In fact, I have bad news for anyone who is a fan of the haunted key…

A cylindrical object rolling on your hand is not a magic trick.

A cylindrical object rolling on a table might be a magic trick.

A cuboid object rolling on your hand might be a magic trick.

A cylindrical object rolling on your hand is not a magic trick. Because it’s cylindrical… and because it’s your hand.

Yes, but the hand doesn’t seem to move.”

Okay, give your friend a pen, have them place it on their palm and see how little they have to move to make it roll, and report back to me.

How did they respond? We’re they like, “Oh fuck no! Help! There’s a ghost in this pen!!!”

I understand that the Haunted Key—in context—can be a somewhat spooky looking visual. But I don’t consider it a magic trick. I don’t consider it a magic trick because no matter how slow it rolls, or how invisible your movements are, people will come to the conclusion that it’s slowly rolling along on your palm.

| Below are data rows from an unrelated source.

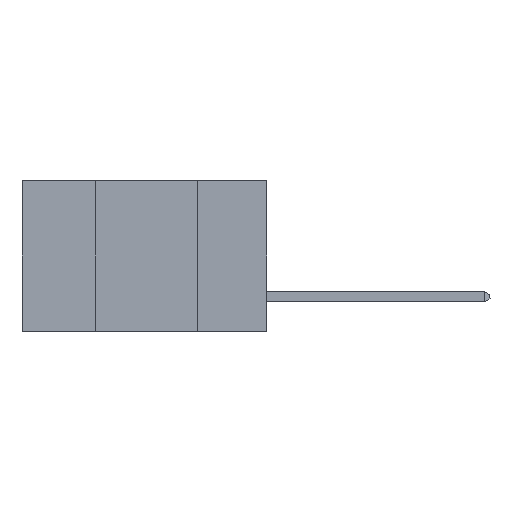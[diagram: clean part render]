
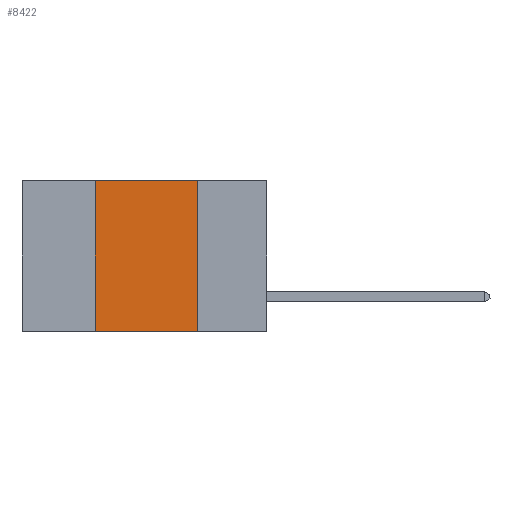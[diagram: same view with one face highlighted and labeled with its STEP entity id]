
A CAD part, left-side view. The second image highlights one B-rep face of the part: STEP entity #8422.
In plain terms, the highlighted planar face has unit normal (-1, 0, 0).
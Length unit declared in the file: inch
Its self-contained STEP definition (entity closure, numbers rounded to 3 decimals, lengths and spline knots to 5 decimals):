
#39 = ORIENTED_EDGE ( 'NONE', *, *, #7351, .T. ) ;
#712 = ORIENTED_EDGE ( 'NONE', *, *, #4914, .F. ) ;
#836 = EDGE_CURVE ( 'NONE', #860, #9744, #866, .T. ) ;
#860 = VERTEX_POINT ( 'NONE', #2669 ) ;
#866 = LINE ( 'NONE', #1710, #5454 ) ;
#1160 = PLANE ( 'NONE',  #6437 ) ;
#1385 = DIRECTION ( 'NONE',  ( 0., 0., -1. ) ) ;
#1710 = CARTESIAN_POINT ( 'NONE',  ( 0., 0.6, 0. ) ) ;
#2074 = ORIENTED_EDGE ( 'NONE', *, *, #836, .F. ) ;
#2235 = VECTOR ( 'NONE', #5516, 39.37008 ) ;
#2504 = LINE ( 'NONE', #4590, #2235 ) ;
#2522 = DIRECTION ( 'NONE',  ( 0., -1., 0. ) ) ;
#2669 = CARTESIAN_POINT ( 'NONE',  ( 0., 0.42, 0. ) ) ;
#2736 = DIRECTION ( 'NONE',  ( 0., 0., -1. ) ) ;
#3109 = FACE_OUTER_BOUND ( 'NONE', #10225, .T. ) ;
#3675 = CARTESIAN_POINT ( 'NONE',  ( 0., 0.6, -0.37 ) ) ;
#4201 = CARTESIAN_POINT ( 'NONE',  ( 0., 0.17, -0.37 ) ) ;
#4523 = CARTESIAN_POINT ( 'NONE',  ( 0., 0.6, 0. ) ) ;
#4542 = VERTEX_POINT ( 'NONE', #7390 ) ;
#4590 = CARTESIAN_POINT ( 'NONE',  ( 0., 0.42, 0. ) ) ;
#4756 = ORIENTED_EDGE ( 'NONE', *, *, #10642, .F. ) ;
#4914 = EDGE_CURVE ( 'NONE', #9744, #10276, #9450, .T. ) ;
#5454 = VECTOR ( 'NONE', #10641, 39.37008 ) ;
#5516 = DIRECTION ( 'NONE',  ( 0., 0., 1. ) ) ;
#5806 = LINE ( 'NONE', #3675, #7844 ) ;
#6329 = DIRECTION ( 'NONE',  ( 1., 0., 0. ) ) ;
#6437 = AXIS2_PLACEMENT_3D ( 'NONE', #4523, #6329, #2736 ) ;
#7351 = EDGE_CURVE ( 'NONE', #4542, #10276, #5806, .T. ) ;
#7390 = CARTESIAN_POINT ( 'NONE',  ( 0., 0.42, -0.37 ) ) ;
#7447 = VECTOR ( 'NONE', #1385, 39.37008 ) ;
#7844 = VECTOR ( 'NONE', #2522, 39.37008 ) ;
#8422 = ADVANCED_FACE ( 'NONE', ( #3109 ), #1160, .F. ) ;
#9072 = CARTESIAN_POINT ( 'NONE',  ( 0., 0.17, 0. ) ) ;
#9450 = LINE ( 'NONE', #9746, #7447 ) ;
#9744 = VERTEX_POINT ( 'NONE', #9072 ) ;
#9746 = CARTESIAN_POINT ( 'NONE',  ( 0., 0.17, 0. ) ) ;
#10225 = EDGE_LOOP ( 'NONE', ( #712, #2074, #4756, #39 ) ) ;
#10276 = VERTEX_POINT ( 'NONE', #4201 ) ;
#10641 = DIRECTION ( 'NONE',  ( 0., -1., 0. ) ) ;
#10642 = EDGE_CURVE ( 'NONE', #4542, #860, #2504, .T. ) ;

If they don’t come to this conclusion, they’re actually not smart enough to be fooled by a magic trick. To be fooled, you have to have the capacity of some level of questioning.

Okay, so let me get this straight, Andy. You’re saying this trick that’s been around for decades and used by thousands of magicians isn’t actually deceptive? That we’re… what, exactly? Just deluding ourselves by being too scared to question what fools people, and instead blindly just assuming we’re smarter than our audience?

If you want to use the Haunted Key in performance, I would use it symbolically as a lead in to another trick with a ghostly theme—spirit slates, or the haunted deck or something.

You call on the spirits to arrive, and the key turning in your hand is the “sign” that they’re there.

This way, whether your friend finds it to be mysterious or not, it doesn’t matter. If they think, “Surely, that just rolled along his hand.” Then you’ve nicely lowered their expectations and can now hit them hard with something they can’t explain.